What to do => Leave the images out, and copy each of the records below exactly.

Stored dataset items =>
= = = =

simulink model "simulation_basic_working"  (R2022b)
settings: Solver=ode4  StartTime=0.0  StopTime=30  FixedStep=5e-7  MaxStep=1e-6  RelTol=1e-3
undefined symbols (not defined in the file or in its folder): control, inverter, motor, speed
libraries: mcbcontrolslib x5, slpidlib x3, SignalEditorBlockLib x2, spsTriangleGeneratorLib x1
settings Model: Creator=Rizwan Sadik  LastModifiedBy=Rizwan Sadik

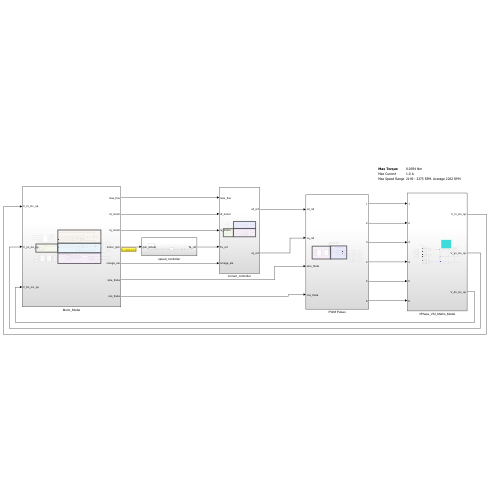
[thumbnail: Simulink's stored preview of the top-level diagram]
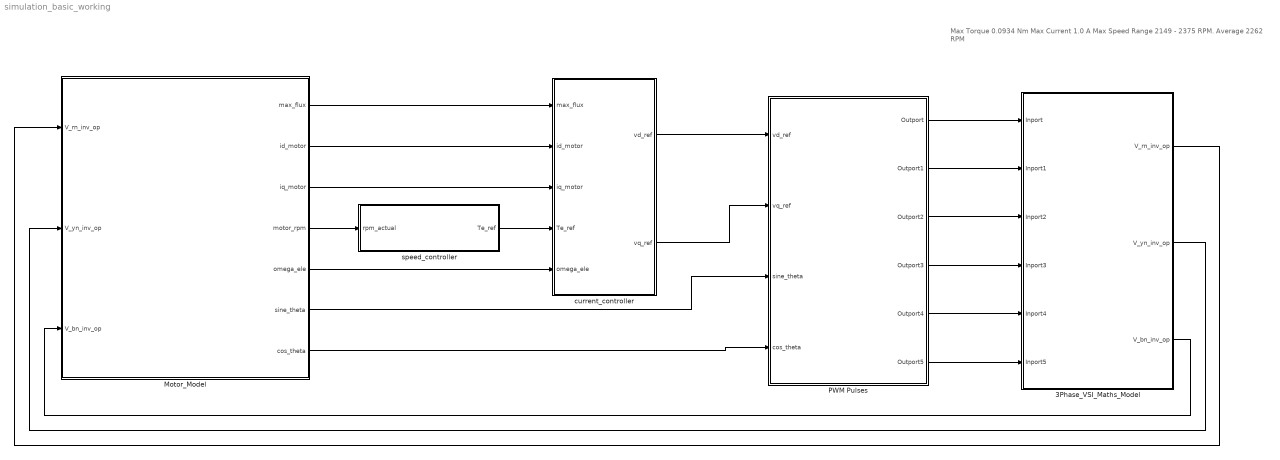
== system simulation_basic_working ==
  note: Max Torque
      | 0.0934 Nm
      |
      | Max Current
      | 1.0 A
      |
      | Max Speed Range
      | 2149 - 2375 RPM. Average 2262 RPM
  3Phase_VSI_Maths_Model : Subsystem  Description=|
      | Input DC Voltage = Vdc
      | Ouput Phase Voltages = Vrn, Vyn, Vbn
      | 
      | Pole Voltage = Vdc/2
      | Pole Voltages - instantaneous values:
      | Vro = +- Vdc/2
      | Vyo = +- Vdc/2
      | Vbo = +- Vdc/2
      | 
      | Leg 1 o/p is Vr. Switches 1 & 4
      | sw 1 ON (sw 4 OFF) -> Vro = +Vdc/2
      | sw 4 ON (sw 1 OFF) -> Vro = -Vdc/2
      | 
      | Leg 2 o/p is Vy. Switches 3 & 6
      | sw 3 ON (sw 6 OFF) -> Vyo = +Vdc/2
      | sw 6 ON (sw 3 OFF) -> Vyo = -Vdc/2
      | 
      | Leg 3 o/p is Vb. Switches 5 & 2
      | sw 5 ON (sw 2 OFF) -> Vbo = +Vdc/2
      | sw 2 ON (sw 5 OFF) -> Vbo = -Vdc/2
      | 
      | Vrn = (2Vro-Vyo-Vbo)/3
      | Vyn = (2Vyo-Vro-Vbo)/3
      | Vbn =(2Vbo-Vyo-Vro)/3
  Motor_Model : Subsystem
  PWM Pulses : Subsystem
  current_controller : Subsystem
  speed_controller : Subsystem
  wires:
  speed_controller/1(Te_ref) -> current_controller/4(Te_ref)
  Motor_Model/5(omega_ele) -> current_controller/5(omega_ele)
  PWM Pulses/1(Outport) -> 3Phase_VSI_Maths_Model/1(Inport)
  Motor_Model/1(max_flux) -> current_controller/1(max_flux)
  PWM Pulses/4(Outport3) -> 3Phase_VSI_Maths_Model/4(Inport3)
  PWM Pulses/5(Outport4) -> 3Phase_VSI_Maths_Model/5(Inport4)
  Motor_Model/6(sine_theta) -> PWM Pulses/3(sine_theta)
  PWM Pulses/3(Outport2) -> 3Phase_VSI_Maths_Model/3(Inport2)
  Motor_Model/3(iq_motor) -> current_controller/3(iq_motor)
  PWM Pulses/2(Outport1) -> 3Phase_VSI_Maths_Model/2(Inport1)
  PWM Pulses/6(Outport5) -> 3Phase_VSI_Maths_Model/6(Inport5)
  Motor_Model/2(id_motor) -> current_controller/2(id_motor)
  Motor_Model/7(cos_theta) -> PWM Pulses/4(cos_theta)
  current_controller/2(vq_ref) -> PWM Pulses/2(vq_ref)
  current_controller/1(vd_ref) -> PWM Pulses/1(vd_ref)
  3Phase_VSI_Maths_Model/3(V_bn_inv_op) -> Motor_Model/3(V_bn_inv_op)
  3Phase_VSI_Maths_Model/2(V_yn_inv_op) -> Motor_Model/2(V_yn_inv_op)
  3Phase_VSI_Maths_Model/1(V_rn_inv_op) -> Motor_Model/1(V_rn_inv_op)
  Motor_Model/4(motor_rpm) -> speed_controller/1(rpm_actual)

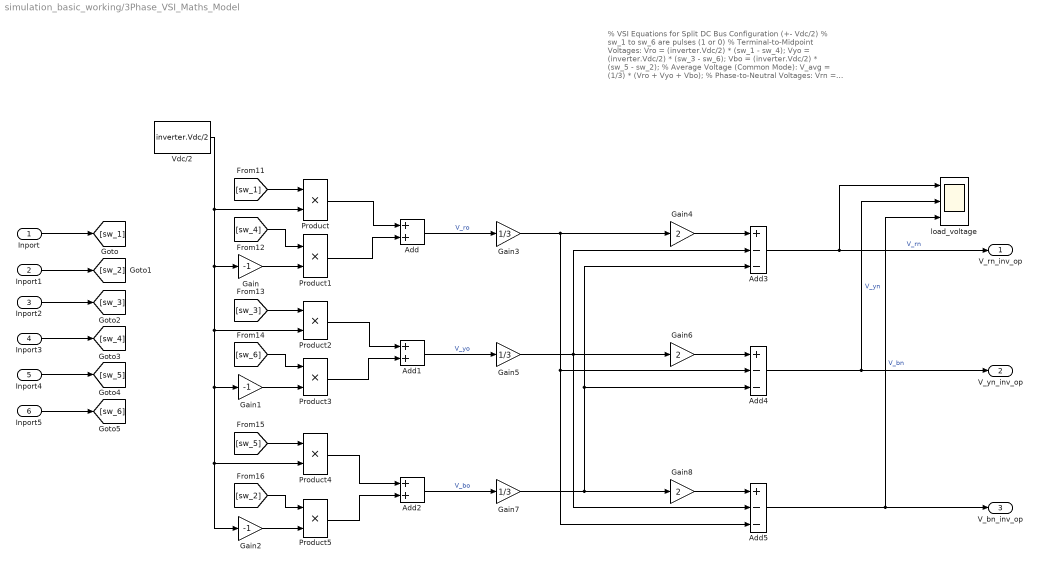
== system simulation_basic_working/3Phase_VSI_Maths_Model ==
  note: % VSI Equations for Split DC Bus Configuration (+- Vdc/2)
      | % sw_1 to sw_6 are pulses (1 or 0)
      |
      | % Terminal-to-Midpoint Voltages:
      | Vro = (inverter.Vdc/2) * (sw_1 - sw_4);
      | Vyo = (inverter.Vdc/2) * (sw_3 - sw_6);
      | Vbo = (inverter.Vdc/2) * (sw_5 - sw_2);
      |
      | % Average Voltage (Common Mode):
      | V_avg = (1/3) * (Vro + Vyo + Vbo);
      |
      | % Phase-to-Neutral Voltages:
      | Vrn = Vro - V_avg;
      | Vyn = Vyo - V_avg;
      | Vbn = Vbo - V_avg;
  Inport : Inport
  Inport1 : Inport  Port=2
  Inport2 : Inport  Port=3
  Inport3 : Inport  Port=4
  Inport4 : Inport  Port=5
  Inport5 : Inport  Port=6
  Add : Sum
  Add1 : Sum
  Add2 : Sum
  Add3 : Sum  Inputs=+--
  Add4 : Sum  Inputs=+--
  Add5 : Sum  Inputs=+--
  Gain : Gain  Gain=-1
  Gain1 : Gain  Gain=-1
  Gain2 : Gain  Gain=-1
  Gain3 : Gain  Gain=1/3
  Gain4 : Gain  Gain=2
  Gain5 : Gain  Gain=1/3
  Gain6 : Gain  Gain=2
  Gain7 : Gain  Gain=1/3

= = = =

Solution for this exercise =>
simulink model "simulation_basic_working"  (R2022b)
settings: Solver=ode4  StartTime=0.0  StopTime=30  FixedStep=5e-7  MaxStep=1e-6  RelTol=1e-3
undefined symbols (not defined in the file or in its folder): control, inverter, motor, speed
libraries: mcbcontrolslib x5, slpidlib x3, SignalEditorBlockLib x2, spsTriangleGeneratorLib x1
settings Model: Creator=Rizwan Sadik  LastModifiedBy=Rizwan Sadik

[thumbnail: Simulink's stored preview of the top-level diagram]
== system simulation_basic_working ==
  note: Max Torque
      | 0.0934 Nm
      |
      | Max Current
      | 1.0 A
      |
      | Max Speed Range
      | 2149 - 2375 RPM. Average 2262 RPM
  3Phase_VSI_Maths_Model : Subsystem  Description=|
      | Input DC Voltage = Vdc
      | Ouput Phase Voltages = Vrn, Vyn, Vbn
      | 
      | Pole Voltage = Vdc/2
      | Pole Voltages - instantaneous values:
      | Vro = +- Vdc/2
      | Vyo = +- Vdc/2
      | Vbo = +- Vdc/2
      | 
      | Leg 1 o/p is Vr. Switches 1 & 4
      | sw 1 ON (sw 4 OFF) -> Vro = +Vdc/2
      | sw 4 ON (sw 1 OFF) -> Vro = -Vdc/2
      | 
      | Leg 2 o/p is Vy. Switches 3 & 6
      | sw 3 ON (sw 6 OFF) -> Vyo = +Vdc/2
      | sw 6 ON (sw 3 OFF) -> Vyo = -Vdc/2
      | 
      | Leg 3 o/p is Vb. Switches 5 & 2
      | sw 5 ON (sw 2 OFF) -> Vbo = +Vdc/2
      | sw 2 ON (sw 5 OFF) -> Vbo = -Vdc/2
      | 
      | Vrn = (2Vro-Vyo-Vbo)/3
      | Vyn = (2Vyo-Vro-Vbo)/3
      | Vbn =(2Vbo-Vyo-Vro)/3
  Motor_Model : Subsystem
  PWM Pulses : Subsystem
  current_controller : Subsystem
  speed_controller : Subsystem
  wires:
  speed_controller/1(Te_ref) -> current_controller/4(Te_ref)
  Motor_Model/5(omega_ele) -> current_controller/5(omega_ele)
  PWM Pulses/1(Outport) -> 3Phase_VSI_Maths_Model/1(Inport)
  Motor_Model/1(max_flux) -> current_controller/1(max_flux)
  PWM Pulses/4(Outport3) -> 3Phase_VSI_Maths_Model/4(Inport3)
  PWM Pulses/5(Outport4) -> 3Phase_VSI_Maths_Model/5(Inport4)
  Motor_Model/6(sine_theta) -> PWM Pulses/3(sine_theta)
  PWM Pulses/3(Outport2) -> 3Phase_VSI_Maths_Model/3(Inport2)
  Motor_Model/3(iq_motor) -> current_controller/3(iq_motor)
  PWM Pulses/2(Outport1) -> 3Phase_VSI_Maths_Model/2(Inport1)
  PWM Pulses/6(Outport5) -> 3Phase_VSI_Maths_Model/6(Inport5)
  Motor_Model/2(id_motor) -> current_controller/2(id_motor)
  Motor_Model/7(cos_theta) -> PWM Pulses/4(cos_theta)
  current_controller/2(vq_ref) -> PWM Pulses/2(vq_ref)
  current_controller/1(vd_ref) -> PWM Pulses/1(vd_ref)
  3Phase_VSI_Maths_Model/3(V_bn_inv_op) -> Motor_Model/3(V_bn_inv_op)
  3Phase_VSI_Maths_Model/2(V_yn_inv_op) -> Motor_Model/2(V_yn_inv_op)
  3Phase_VSI_Maths_Model/1(V_rn_inv_op) -> Motor_Model/1(V_rn_inv_op)
  Motor_Model/4(motor_rpm) -> speed_controller/1(rpm_actual)

== system simulation_basic_working/3Phase_VSI_Maths_Model ==
  note: % VSI Equations for Split DC Bus Configuration (+- Vdc/2)
      | % sw_1 to sw_6 are pulses (1 or 0)
      |
      | % Terminal-to-Midpoint Voltages:
      | Vro = (inverter.Vdc/2) * (sw_1 - sw_4);
      | Vyo = (inverter.Vdc/2) * (sw_3 - sw_6);
      | Vbo = (inverter.Vdc/2) * (sw_5 - sw_2);
      |
      | % Average Voltage (Common Mode):
      | V_avg = (1/3) * (Vro + Vyo + Vbo);
      |
      | % Phase-to-Neutral Voltages:
      | Vrn = Vro - V_avg;
      | Vyn = Vyo - V_avg;
      | Vbn = Vbo - V_avg;
  Inport : Inport
  Inport1 : Inport  Port=2
  Inport2 : Inport  Port=3
  Inport3 : Inport  Port=4
  Inport4 : Inport  Port=5
  Inport5 : Inport  Port=6
  Add : Sum
  Add1 : Sum
  Add2 : Sum
  Add3 : Sum  Inputs=+--
  Add4 : Sum  Inputs=+--
  Add5 : Sum  Inputs=+--
  Gain : Gain  Gain=-1
  Gain1 : Gain  Gain=-1
  Gain2 : Gain  Gain=-1
  Gain3 : Gain  Gain=1/3
  Gain4 : Gain  Gain=2
  Gain5 : Gain  Gain=1/3
  Gain6 : Gain  Gain=2
  Gain7 : Gain  Gain=1/3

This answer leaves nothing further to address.